# [Your objective]
Copy, exactly and without additions, every line in the records below from the one holding "49.5v1.3h1.3l-1.3 1.3-1.2-1.3h1.2M214.6 49.5h.1M214.6" through the one holding "57.2h.1M165.1 49.5v2.8M165.1 54.4v2.8M176.5", both ends included.

# [Excerpted records]

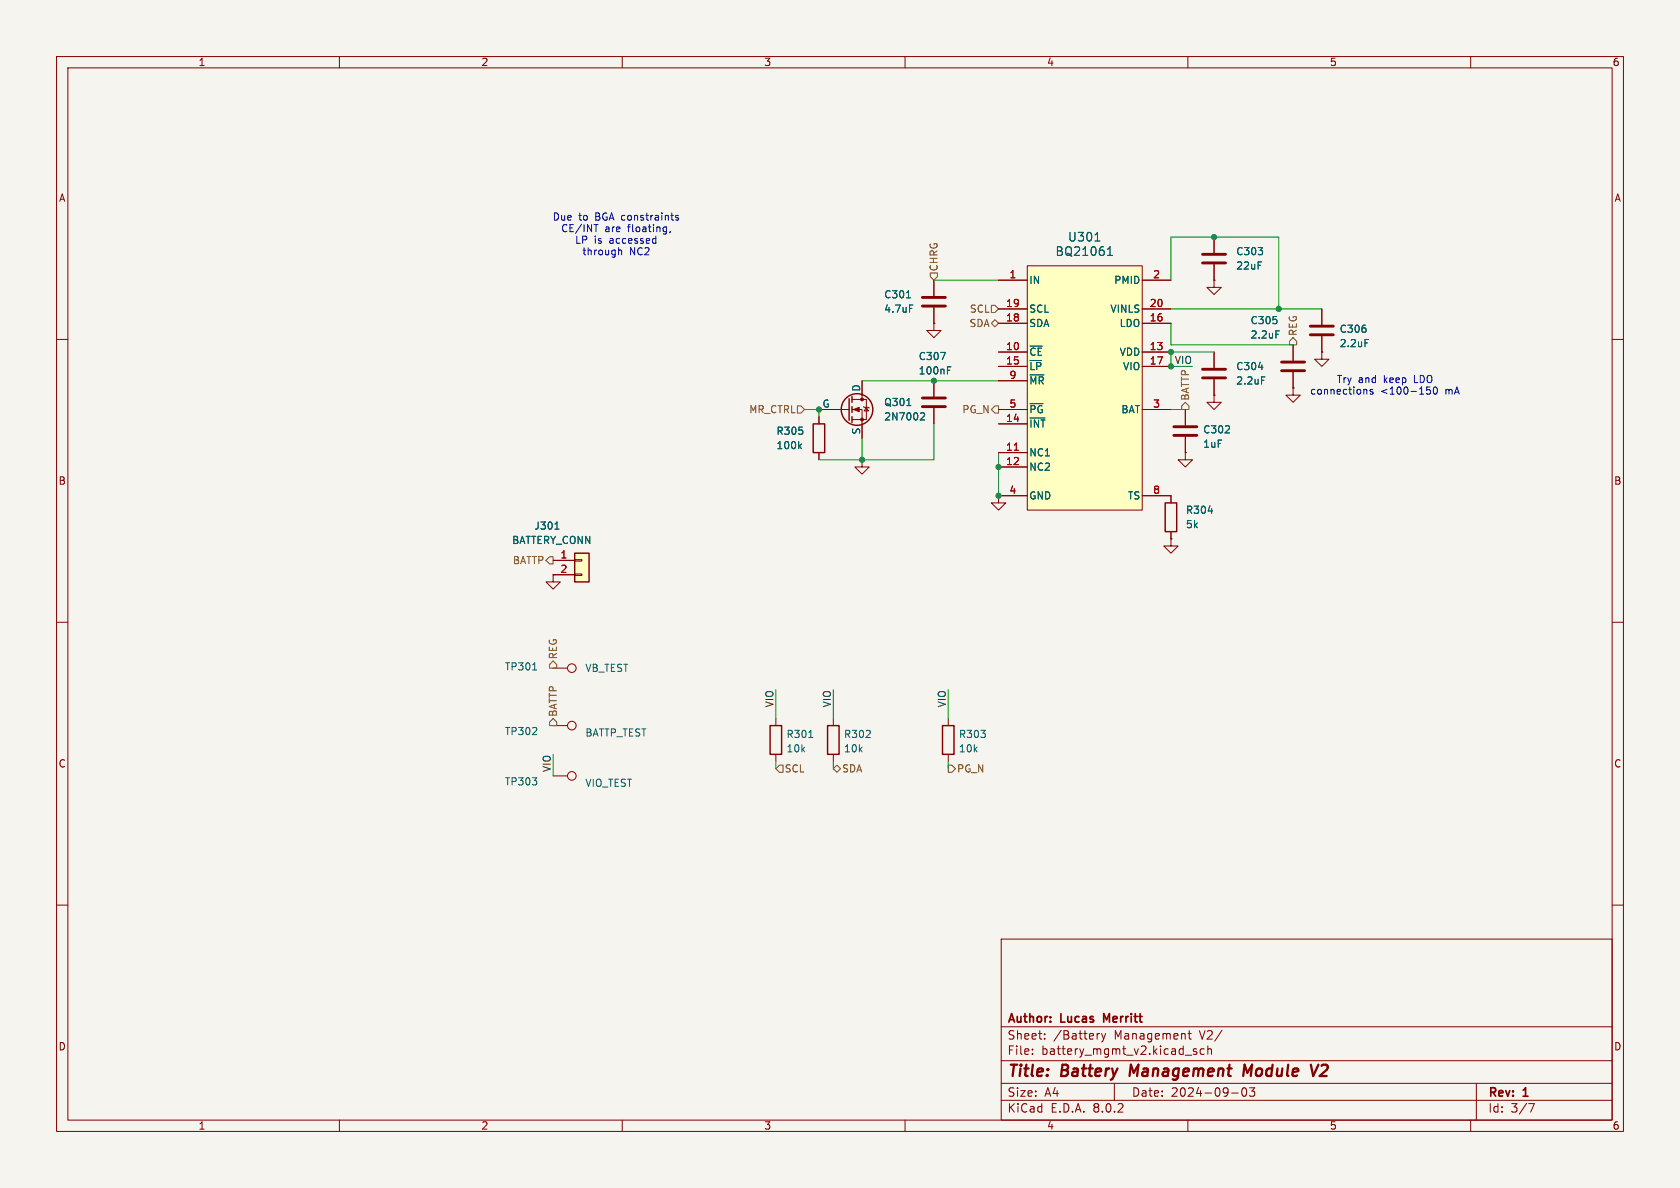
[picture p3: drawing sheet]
<svg xmlns="http://www.w3.org/2000/svg" width="297mm" height="210mm" viewBox="0 0 297 210" stroke-linecap="round" stroke-linejoin="round" font-family="sans-serif">
<path d="M0 0h297v210h-297z" fill="#f5f4ef" stroke="#f5f4ef" stroke-width=".18"/>
<g fill="none" stroke="#840000" stroke-width=".18">
<path d="M10 10h277v190h-277zM12 12h273v186h-273zM60 10v2M110 10v2M160 10v2M210 10v2M260 10v2M10 60h2M165.1 57.2v1.2h-1.3l1.3 1.3 1.3-1.3h-1.3M165.1 57.2h.1M165.1 49.5v2.8M165.1 54.4v2.8"/>
<path d="M233.7 54.6v2.8M233.7 59.4v2.8M285 60h2M144.8 72.4h5.3M144.8 73.7v1.2M150.6 72.4h1.8v5.1M150.6 70.6h2.6v3.6h-2.6M152.4 67.3v3.3M152.7 71.9l.1 .1h.7l.2 .1M153.2 72l.3 .6h-.7zM165.1 67.3v2.8M165.1 72.1v2.8"/>
<path d="M209.5 72.4v2.8M209.5 77.2v2.8M214.6 69.9v1.2h1.3l-1.3 1.3-1.2-1.3h1.2M214.6 69.9h.1M228.6 68.6v1.3h1.3l-1.3 1.2-1.3-1.2h1.3M228.6 68.6h.1M233.7 62.2v1.3h1.2l-1.2 1.3-1.3-1.3h1.3M233.7 62.2h.1M144.8 80v1.3M152.4 81.3v1.3h1.3l-1.3 1.2-1.3-1.2h1.3M152.4 81.3h.1M207 95.3v1.2h1.3l-1.3 1.3-1.3-1.3h1.3"/>
<path d="M207 95.3h.1M207 87.6v1.3M207 94v1.3M209.5 80v1.3h1.3l-1.3 1.3-1.2-1.3h1.2M209.5 80h.1M10 110h2M97.8 118.1h2.5M285 110h2M97.8 128.3h2.5M97.8 137.2h2.5M137.2 127v1.3M137.2 133.4v1.2"/>
<path d="M147.3 127v1.3M147.3 133.4v1.2M167.6 127v1.3M167.6 133.4v1.2M10 160h2M285 160h2M177 166h108v32h-108zM60 198v2M110 198v2M160 198v2M177 194.5h108M177 191.5h108"/>
<path d="M177 187.5h108M177 181.5h108M182.5 186.3v.1M182.5 185.5v.1M184.7 183.6v.1M184.7 182.8v.1M194.4 182.7l-.3 .1M194.7 182.7l.4 1M195.1 183.7l-.1 .4-.3 .1M195.5 182.7l-.4 1M197 191.5v3M210 198v2"/>
<path d="M210 182.7h.6M210.2 182.2v1.3l.4 .2M211.5 185.5l-.3-.1-.2 .2v.2l.5 .2v.3h-.5M212.9 185.5l-.4-.1-.3 .3v.4l.1 .2h.6M213.5 185.5l.2-.1 .4 .1 .1 .9M213.5 184.9v1.5M217.7 193.2h1.2M219.7 192.4l.2-.1a.81 .81 0 0 1 .6 .6 .81 .81 0 0 1-.3 .8l-.2 .1a.81 .81 0 0 1-.3-1.4zM220.9 192.3h.9l-.5 .6 .4 .1v.7l-.2 .1h-.4l-.2-.1M260 198v2M261 191.5v6.5M270.2 195.1h1l-.6 1.5"/>
<circle cx="101.1" cy="118.1" r=".76"/>
<circle cx="101.1" cy="137.2" r=".76"/>
<circle cx="101.1" cy="128.3" r=".76"/>
</g>
<path d="M199.9 188.2l-.2 2M221.4 188.2l-.9 1.4-.5-1.4-.2 2M233.1 188.2l-.9 2M233.9 188.2l-.3 .2M234.6 189.1l-1.3 1.1h1.2" fill="none" stroke="#840000" stroke-width=".4"/>
<path d="M195.6 180.3l-.5-1.1v1.5" fill="none" stroke="#840000" stroke-width=".3"/>
<path d="M163.1 54.1h4M163.1 52.6h4M231.6 59.2h4.1M231.6 57.7h4.1M163.1 71.9h4M163.1 70.4h4M207.5 77h4.1M207.5 75.4h4.1" fill="none" stroke="#840000" stroke-width=".51"/>
<g fill="none" stroke="#006464" stroke-width=".18">
<path d="M160.3 52.6h.7M160.8 53.9h.6M141.3 78.8l.4 .5M141.7 78.5l-.5 .5M160.3 71.7h.7M162.9 73h.4l.2 .3-.8 .9h.8M166.3 62.3h.8l-.5 1.3M167.5 65.4h.4M167.5 64.8h.6M241.3 60h.6M213.6 90.3h.8M94.2 118.4h.7"/>
<path d="M143 130.4h.7"/>
</g>
<g fill="none" stroke="#840000" stroke-width=".25">
<path d="M143.8 74.9h2v5.1h-2zM150.1 70.5v3.8M150.6 70.1v1M150.6 71.9v1M150.6 73.7v1M206 88.9h2v5.1h-2zM136.1 128.3h2.1v5.1h-2.1zM146.3 128.3h2v5.1h-2zM166.6 128.3h2.1v5.1h-2.1z"/>
<circle cx="151.5" cy="72.4" r="2.79"/>
</g>
<g fill="#840000" stroke="#840000" stroke-width=".18">
<path d="M150.9 72.4l1-.4v.8z"/>
<circle cx="152.4" cy="74.2" r=".25"/>
<circle cx="152.4" cy="70.6" r=".25"/>
</g>
<path d="M101.6 97.8h2.5v5.1h-2.5z" fill="#ffffc2"/>
<g fill="none" stroke="#840000" stroke-width=".18">
<path d="M214.6 49.5v1.3h1.3l-1.3 1.3-1.2-1.3h1.2M214.6 49.5h.1M214.6 41.9v2.8M214.6 46.7v2.8M214.6 62.2v2.8M214.6 67.1v2.8M228.6 61v2.8M228.6 65.8v2.8M97.8 99.1h3.8M101.6 98.9h1.3v.3h-1.3zM176.5 87.6v1.3h1.3l-1.3 1.3-1.2-1.3h1.2M176.5 87.6h.1"/>
<path d="M97.8 101.6v1.3h1.3l-1.3 1.2-1.3-1.2h1.3M97.8 101.6h.1M97.8 101.6h3.8M101.6 101.5h1.3v.2h-1.3z"/>
</g>
<path d="M101.6 97.8h2.5v5.1h-2.5z" fill="none" stroke="#840000" stroke-width=".25"/>
<path d="M225.6 58.5h.6M222.5 64.9h.8M223 66.6h.6M98.1 93.5h.7" fill="none" stroke="#006464" stroke-width=".18"/>
<path d="M212.6 46.5h4.1M212.6 45h4.1M212.6 66.8h4.1M212.6 65.3h4.1M226.6 65.5h4M226.6 64h4" fill="none" stroke="#840000" stroke-width=".51"/>
<path d="M181.6 47h20.3v43.2h-20.3z" fill="#ffffc2"/>
<g fill="none" stroke="#840000" stroke-width=".18">
<path d="M165.1 57.2h.1M165.1 49.5v2.8M165.1 54.4v2.8M176.5 49.5h5.1M176.5 57.2h5.1M176.5 54.6h5.1M181.6 47h20.3v43.2h-20.3zM201.9 49.5h5.1M201.9 57.2h5.1M201.9 54.6h5.1M214.6 49.5h.1M214.6 41.9v2.8"/>
<path d="M214.6 46.7v2.8M233.7 54.6v2.8M233.7 59.4v2.8M144.8 72.4h2.5M144.8 73.7v1.2M152.4 67.3v2.6M152.4 74.9v2.6M165.1 67.3v2.8M165.1 72.1v2.8M176.5 62.2h5.1M176.5 64.8h5.1M176.5 72.4h5.1"/>
<path d="M176.5 74.9h5.1M176.5 67.3h5.1M201.9 62.2h5.1M201.9 64.8h5.1M201.9 72.4h5.1M209.5 72.4v2.8M209.5 77.2v2.8M214.6 69.9h.1M214.6 62.2v2.8M214.6 67.1v2.8M228.6 68.6h.1M228.6 61v2.8"/>
<path d="M228.6 65.8v2.8M233.7 62.2h.1M97.8 99.1h3.8M144.8 80v1.3M176.5 87.6h.1M176.5 80h5.1M176.5 82.6h5.1M176.5 87.6h5.1M201.9 87.6h5.1v1.3M207 95.3h.1M207 94v1.3M209.5 80h.1"/>
<path d="M97.8 101.6h.1M97.8 101.6h3.8"/>
</g>
<path d="M179.3 79.6h.7" fill="none" stroke="#a90000" stroke-width=".18"/>
<g fill="none" stroke="#006464" stroke-width=".18">
<path d="M160.3 52.6h.7M160.8 53.9h.6M193.6 42.6h.9M195.8 45.1h.9M195.8 44.1l.4-.5v1.5M225.6 58.5h.6M141.3 78.8l.4 .5M141.7 78.5l-.5 .5M160.3 71.7h.7M162.9 73h.4l.2 .3-.8 .9h.8M166.3 62.3h.8l-.5 1.3M167.5 65.4h.4"/>
<path d="M167.5 64.8h.6M222.5 64.9h.8M223 66.6h.6M241.3 60h.6M98.1 93.5h.7M213.6 90.3h.8"/>
</g>
<g fill="none" stroke="#725600" stroke-width=".18">
<path d="M164.5 48.3h1.2v.6l-.6 .6-.6-.6zM175.3 54h.6l.6 .6-.6 .6h-.6zM175.3 57.2l.6-.7 .6 .7-.6 .6zM228.6 59.7l.6 .6v.7h-1.2v-.7zM141 71.8h.6l.6 .6-.6 .6h-.6zM175.9 71.8h.6v1.2h-.6l-.6-.6zM209.5 71.1l.7 .7v.6h-1.3v-.6zM97.2 98.4h.6v1.3h-.6l-.7-.6zM97.8 116.8l.6 .7v.6h-1.2v-.6zM97.8 127l.6 .6v.7h-1.2v-.7zM137.8 135.3h.6v1.2h-.6l-.6-.6zM147.3 135.9l.7-.6 .6 .6-.6 .6z"/>
<path d="M167.6 135.3h.7l.6 .6-.6 .6h-.7z"/>
</g>
<g fill="none" stroke="#0000c2" stroke-width=".18">
<path d="M119.9 38.1h-.3l-.2 .2 .1 .1 .4 .2v.3h-.5M109.4 43.8v1.3M109.4 44.3l.1-.1 .3 .1 .1 .8M116 41.7v1.3M116 42.9l-.2 .1M117.7 40.1l.1 .1M117.8 40.1v1.2M117.8 40.9l-.1 .1M118.5 40.9l-.1 .2M241.5 68.8l.2 .2v.7M242.7 68.9l-.3-.1-.2 .2 .1 .2 .4 .1v.3h-.5M252.2 68.4v.6l.2-.1 .4 .1 .1 .4-.2 .3-.5-.1"/>
<path d="M253.5 68.5a.69 .69 0 0 0 .3 1.2l.2-.1 .1-.4-.1-.7"/>
</g>
<g fill="none" stroke="#009600" stroke-width=".18">
<path d="M165.1 49.5h11.4M207 49.5v-7.6h19.1v12.7M207 57.2v3.8h21.6M207 54.6h26.7M142.2 72.4h2.6v1.3M152.4 67.3h24.1M152.4 77.5v3.8M165.1 74.9v6.4h-20.3M207 72.4h2.5M214.6 62.2h-7.6v2.6h3.8M176.5 80v7.6M97.8 133.4v3.8"/>
<path d="M137.2 121.9v5.1M137.2 134.6v1.3M147.3 121.9v5.1M147.3 134.6v1.3M167.6 121.9v5.1M167.6 134.6v1.3"/>
</g>
<g fill="#009600" stroke="#009600" stroke-width=".18">
<circle cx="207" cy="62.2" r=".46"/>
<circle cx="207" cy="64.8" r=".46"/>
<circle cx="226.1" cy="54.6" r=".46"/>
<circle cx="214.6" cy="41.9" r=".46"/>
<circle cx="165.1" cy="67.3" r=".46"/>
<circle cx="176.5" cy="87.6" r=".46"/>
<circle cx="176.5" cy="82.6" r=".46"/>
<circle cx="144.8" cy="72.4" r=".46"/>
<circle cx="152.4" cy="81.3" r=".46"/>
</g>
<g font-size="2.8" fill="#840000">
<text x="178" y="190.9">Title:</text>
<text x="187.7" y="190.9">Battery</text>
<text x="200.6" y="190.9">Management</text>
<text x="221.4" y="190.9">Module</text>
<text x="234.2" y="190.9">V2</text>
</g>
<g font-size="2.1" fill="#006464">
<text x="186.5" y="45.4">BQ21061</text>
<text x="188.7" y="42.9">U301</text>
</g>
<g font-size="2.1" fill="#840000">
<text x="178" y="184">Sheet:</text>
<text x="178" y="181.2">Author:</text>
<text x="186.2" y="184">/Battery</text>
<text x="187.6" y="181.2">Lucas</text>
<text x="195.8" y="181.2">Merritt</text>
<text x="197" y="184">Management</text>
<text x="212.3" y="184">V2/</text>
<text x="178" y="186.7">File:</text>
<text x="184.1" y="186.7">battery_mgmt_v2.kicad_sch</text>
<text x="178" y="196.9">KiCad</text>
<text x="178" y="194.1">Size:</text>
<text x="184.7" y="194.1">A4</text>
<text x="185.7" y="196.9">E.D.A.</text>
<text x="193.3" y="196.9">8.0.2</text>
<text x="200" y="194.1">Date:</text>
<text x="207" y="194.1">2024-09-03</text>
<text x="263" y="194.3">Rev:</text>
<text x="263" y="196.9">Id:</text>
<text x="267.1" y="196.9">3/7</text>
<text x="269.4" y="194.3">1</text>
</g>
<g font-size="1.8" fill="#840000">
<text x="35" y="11.9">1</text>
<text x="85" y="11.9">2</text>
<text x="135" y="11.9">3</text>
<text x="185" y="11.9">4</text>
<text x="235" y="11.9">5</text>
<text x="285" y="11.9">6</text>
<text x="10.3" y="35.9">A</text>
<text x="285.3" y="35.9">A</text>
<text x="10.3" y="85.9">B</text>
<text x="285.3" y="85.9">B</text>
<text x="10.3" y="135.9">C</text>
<text x="285.3" y="135.9">C</text>
<text x="10.3" y="185.9">D</text>
<text x="285.3" y="185.9">D</text>
<text x="35" y="199.9">1</text>
<text x="85" y="199.9">2</text>
<text x="135" y="199.9">3</text>
<text x="185" y="199.9">4</text>
<text x="235" y="199.9">5</text>
<text x="285" y="199.9">6</text>
</g>
<g font-size="1.8" fill="#0000c2">
<text x="97.6" y="39.2">Due</text>
<text x="99.1" y="41.2">CE/INT</text>
<text x="102.3" y="39.2">to</text>
<text x="105.3" y="39.2">BGA constraints</text>
<text x="106.9" y="41.2">are</text>
<text x="111.1" y="41.2">floating,</text>
<text x="101.6" y="43.3">LP</text>
<text x="102.8" y="45.3">through</text>
<text x="105" y="43.3">is</text>
<text x="107.8" y="43.3">accessed</text>
<text x="111.3" y="45.3">NC2</text>
<text x="231.5" y="70">connections</text>
<text x="236.2" y="67.9">Try</text>
<text x="240.1" y="67.9">and</text>
<text x="244.1" y="70">&lt;100-150</text>
<text x="244.7" y="67.9">keep</text>
<text x="250.3" y="67.9">LDO</text>
<text x="255.6" y="70">mA</text>
</g>
<g font-size="1.8" fill="#006464">
<text x="218.4" y="45.3">C303</text>
<text x="218.4" y="47.9">22uF</text>
<text x="156.2" y="52.9">C301</text>
<text x="181.9" y="50.4">IN</text>
<text x="196.9" y="50.4">PMID</text>
<text x="156.2" y="55.5">4.7uF</text>
<text x="181.9" y="58">SDA</text>
<text x="181.9" y="55.5">SCL</text>
<text x="196.2" y="55.5">VINLS</text>
<text x="197.8" y="58">LDO</text>
<text x="221" y="57.5">C305</text>
<text x="236.7" y="59">C306</text>
<text x="162.3" y="63.9">C307</text>
<text x="181.9" y="63.1">~{CE}</text>
<text x="181.9" y="65.6">~{LP}</text>
<text x="197.8" y="63.1">VDD</text>
<text x="198.4" y="65.6">VIO</text>
<text x="218.4" y="65.6">C304</text>
<text x="221" y="60">2.2uF</text>
<text x="236.7" y="61.6">2.2uF</text>
<text x="152.1" y="69.3" transform="rotate(-90 152.1 69.3)">D</text>
<text x="156.2" y="72">Q301</text>
<text x="162.3" y="66.4">100nF</text>
<text x="181.9" y="68.2">~{MR}</text>
<text x="218.4" y="68.2">2.2uF</text>
<text x="137.2" y="77.1">R305</text>
<text x="145.3" y="72.1">G</text>
<text x="152.1" y="76.9" transform="rotate(-90 152.1 76.9)">S</text>
<text x="156.2" y="74.5">2N7002</text>
<text x="181.9" y="75.8">~{INT}</text>
<text x="181.9" y="73.3">~{PG}</text>
<text x="198.1" y="73.3">BAT</text>
<text x="212.6" y="76.8">C302</text>
<text x="137.2" y="79.6">100k</text>
<text x="181.9" y="80.9">NC1</text>
<text x="181.9" y="83.4">NC2</text>
<text x="212.6" y="79.3">1uF</text>
<text x="181.9" y="88.5">GND</text>
<text x="199.3" y="88.5">TS</text>
<text x="94.4" y="93.8">J301</text>
<text x="209.6" y="91">R304</text>
<text x="209.6" y="93.6">5k</text>
<text x="90.4" y="96.4">BATTERY_CONN</text>
<text x="89.2" y="118.7">TP301</text>
<text x="103.4" y="119">VB_TEST</text>
<text x="89.2" y="130.1">TP302</text>
<text x="103.4" y="130.4">BATTP_TEST</text>
<text x="138.9" y="130.7">R301</text>
<text x="149.1" y="130.7">R302</text>
<text x="169.4" y="130.7">R303</text>
<text x="138.9" y="133.2">10k</text>
<text x="149.1" y="133.2">10k</text>
<text x="169.4" y="133.2">10k</text>
<text x="89.2" y="139">TP303</text>
<text x="103.4" y="139.3">VIO_TEST</text>
</g>
<g font-size="1.8" fill="#725600">
<text x="166" y="48.1" transform="rotate(-90 166 48.1)">CHRG</text>
<text x="171.3" y="58">SDA</text>
<text x="171.4" y="55.5">SCL</text>
<text x="229.5" y="59.5" transform="rotate(-90 229.5 59.5)">REG</text>
<text x="210.4" y="70.9" transform="rotate(-90 210.4 70.9)">BATTP</text>
<text x="132.4" y="73.3">MR_CTRL</text>
<text x="170" y="73.3">PG_N</text>
<text x="90.6" y="99.9">BATTP</text>
<text x="98.7" y="116.6" transform="rotate(-90 98.7 116.6)">REG</text>
<text x="98.7" y="126.8" transform="rotate(-90 98.7 126.8)">BATTP</text>
<text x="138.6" y="136.8">SCL</text>
<text x="148.8" y="136.8">SDA</text>
<text x="169.1" y="136.8">PG_N</text>
</g>
<g font-size="1.8" fill="#a90000">
<text x="178.4" y="49.3">1</text>
<text x="203.8" y="49.3">2</text>
<text x="177.8" y="56.9">18</text>
<text x="177.8" y="54.4">19</text>
<text x="203.2" y="56.9">16</text>
<text x="203.2" y="54.4">20</text>
<text x="177.8" y="62">10</text>
<text x="177.8" y="64.5">15</text>
<text x="203.2" y="62">13</text>
<text x="203.2" y="64.5">17</text>
<text x="178.4" y="67.1">9</text>
<text x="177.8" y="74.7">14</text>
<text x="178.4" y="72.1">5</text>
<text x="203.8" y="72.1">3</text>
<text x="177.8" y="79.8">11</text>
<text x="177.8" y="82.3">12</text>
<text x="178.4" y="87.4">4</text>
<text x="203.8" y="87.4">8</text>
<text x="99" y="98.8">1</text>
<text x="99" y="101.3">2</text>
</g>
<g font-size="1.8" fill="#0f0f0f">
<text x="207.6" y="64.4">VIO</text>
<text x="136.8" y="125.1" transform="rotate(-90 136.8 125.1)">VIO</text>
<text x="147" y="125.1" transform="rotate(-90 147 125.1)">VIO</text>
<text x="167.3" y="125.1" transform="rotate(-90 167.3 125.1)">VIO</text>
<text x="97.4" y="136.6" transform="rotate(-90 97.4 136.6)">VIO</text>
</g>
</svg>

# [Finished exercise]
<path d="M214.6 49.5v1.3h1.3l-1.3 1.3-1.2-1.3h1.2M214.6 49.5h.1M214.6 41.9v2.8M214.6 46.7v2.8M214.6 62.2v2.8M214.6 67.1v2.8M228.6 61v2.8M228.6 65.8v2.8M97.8 99.1h3.8M101.6 98.9h1.3v.3h-1.3zM176.5 87.6v1.3h1.3l-1.3 1.3-1.2-1.3h1.2M176.5 87.6h.1"/>
<path d="M97.8 101.6v1.3h1.3l-1.3 1.2-1.3-1.2h1.3M97.8 101.6h.1M97.8 101.6h3.8M101.6 101.5h1.3v.2h-1.3z"/>
</g>
<path d="M101.6 97.8h2.5v5.1h-2.5z" fill="none" stroke="#840000" stroke-width=".25"/>
<path d="M225.6 58.5h.6M222.5 64.9h.8M223 66.6h.6M98.1 93.5h.7" fill="none" stroke="#006464" stroke-width=".18"/>
<path d="M212.6 46.5h4.1M212.6 45h4.1M212.6 66.8h4.1M212.6 65.3h4.1M226.6 65.5h4M226.6 64h4" fill="none" stroke="#840000" stroke-width=".51"/>
<path d="M181.6 47h20.3v43.2h-20.3z" fill="#ffffc2"/>
<g fill="none" stroke="#840000" stroke-width=".18">
<path d="M165.1 57.2h.1M165.1 49.5v2.8M165.1 54.4v2.8M176.5 49.5h5.1M176.5 57.2h5.1M176.5 54.6h5.1M181.6 47h20.3v43.2h-20.3zM201.9 49.5h5.1M201.9 57.2h5.1M201.9 54.6h5.1M214.6 49.5h.1M214.6 41.9v2.8"/>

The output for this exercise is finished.